Instead of splitting the HTML and reading each line (the HTML could actually be a single line) is there a Regex I can use to extract the “content” tag of each property: “og:type”, “og:title”, “og:image” and “og:description”?
From your example html, you’d like to return something like the following?
og:type, product
og:title, Product Title
og:image, https://www.example.com
og:description, product description
To do this, I used some text routines that I’ve created to help me rebuild my old website from the saved html. They don’t use regex, because I’ve never been good at regex. The above example took me a couple of minutes to code with my text routines. If you’re interested, I can post it. But be warned, it is not a true html parser.
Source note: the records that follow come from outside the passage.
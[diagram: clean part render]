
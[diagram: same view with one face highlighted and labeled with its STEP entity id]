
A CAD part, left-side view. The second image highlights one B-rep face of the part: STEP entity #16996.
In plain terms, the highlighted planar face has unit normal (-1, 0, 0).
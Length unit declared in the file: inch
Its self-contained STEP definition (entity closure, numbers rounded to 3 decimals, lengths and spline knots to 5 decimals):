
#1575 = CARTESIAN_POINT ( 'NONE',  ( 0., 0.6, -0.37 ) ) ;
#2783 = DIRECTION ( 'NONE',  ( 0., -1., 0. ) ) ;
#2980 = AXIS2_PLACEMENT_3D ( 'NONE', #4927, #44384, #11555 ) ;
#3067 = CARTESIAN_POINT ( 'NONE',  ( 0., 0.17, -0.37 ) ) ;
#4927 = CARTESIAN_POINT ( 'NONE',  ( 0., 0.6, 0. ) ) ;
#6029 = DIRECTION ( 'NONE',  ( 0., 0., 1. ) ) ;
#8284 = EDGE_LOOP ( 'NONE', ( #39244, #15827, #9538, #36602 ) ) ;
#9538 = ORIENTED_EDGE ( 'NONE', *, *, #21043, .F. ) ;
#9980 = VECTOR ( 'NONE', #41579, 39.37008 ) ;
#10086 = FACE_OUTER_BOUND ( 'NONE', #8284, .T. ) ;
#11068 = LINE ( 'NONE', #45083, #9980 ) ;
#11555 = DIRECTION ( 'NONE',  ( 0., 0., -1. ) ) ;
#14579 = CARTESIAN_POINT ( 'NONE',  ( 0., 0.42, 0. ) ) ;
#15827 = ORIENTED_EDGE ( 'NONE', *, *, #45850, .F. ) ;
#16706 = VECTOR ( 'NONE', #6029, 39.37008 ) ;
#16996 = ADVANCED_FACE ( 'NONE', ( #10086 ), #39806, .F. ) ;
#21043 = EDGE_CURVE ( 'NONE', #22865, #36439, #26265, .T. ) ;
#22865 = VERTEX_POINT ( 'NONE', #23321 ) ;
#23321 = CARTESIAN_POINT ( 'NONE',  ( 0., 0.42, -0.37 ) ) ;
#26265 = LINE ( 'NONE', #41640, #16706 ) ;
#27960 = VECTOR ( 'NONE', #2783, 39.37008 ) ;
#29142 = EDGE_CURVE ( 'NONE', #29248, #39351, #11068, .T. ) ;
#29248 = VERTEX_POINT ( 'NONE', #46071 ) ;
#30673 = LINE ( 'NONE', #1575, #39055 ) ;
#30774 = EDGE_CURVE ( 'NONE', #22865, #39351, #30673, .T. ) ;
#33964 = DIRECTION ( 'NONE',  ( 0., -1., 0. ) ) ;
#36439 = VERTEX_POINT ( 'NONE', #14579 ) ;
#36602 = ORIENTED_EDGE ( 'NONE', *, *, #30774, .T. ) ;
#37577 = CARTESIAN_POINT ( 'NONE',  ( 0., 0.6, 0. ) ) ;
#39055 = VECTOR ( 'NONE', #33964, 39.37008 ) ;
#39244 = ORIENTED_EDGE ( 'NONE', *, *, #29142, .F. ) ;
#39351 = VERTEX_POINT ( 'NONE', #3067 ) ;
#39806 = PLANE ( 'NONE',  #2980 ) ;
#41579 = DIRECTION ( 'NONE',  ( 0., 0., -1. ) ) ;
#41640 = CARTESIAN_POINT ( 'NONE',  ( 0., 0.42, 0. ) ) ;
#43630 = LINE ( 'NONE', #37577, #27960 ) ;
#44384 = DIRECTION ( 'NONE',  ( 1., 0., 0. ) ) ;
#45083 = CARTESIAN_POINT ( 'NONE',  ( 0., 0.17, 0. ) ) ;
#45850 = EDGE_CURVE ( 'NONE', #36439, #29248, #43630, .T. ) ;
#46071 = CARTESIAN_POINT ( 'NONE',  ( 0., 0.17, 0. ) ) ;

It works fine parsing machine generated html, but if the pages were human created, there are occasionally spaces stuck in inconvenient places that may cause problems. The tools address some of these issues, but may not catch all of them.
Yes that’s exactly it.
I would be interested in seeing your parser and compare the speed against the regex I’m using. On large pages it takes up to 200ms to get the opengraph tags.
While acceptable, I’m trying to optimize my web app as much as possible. There can be up to 300 concurrent sessions.
If you’re already using regex, then I’m sure it will be considerably faster than my code, but the code is below. I’ve also made a small project file that includes a couple of other text manipulation routines.
Public Function ExtractOG(rawHTML As String) as string
dim cleanHTML As String = CompressWhitespace(rawHTML)
dim head() As String = parseTxtToAry(cleanHTML,"<head>","</head>")
dim output as String = ""
if head.Ubound>=0 then
dim meta() As String = parseTxtToAry(head(0),"<meta",">")
if meta.Ubound>=0 then
'At least one meta tag has been found
for i as Integer = 0 to meta.Ubound
output = output + parseTxt(meta(i),"property=""","""")+", "+parseTxt(meta(i),"content=""","""")+EndOfLine
next
end if
else
'This only happens if the head can't be found
end if
return output
End Function
Public Function CompressWhitespace(s1 As String) as String
'Removes duplicate whitespace characters from text.
'Also trims leading and trailing whitespace.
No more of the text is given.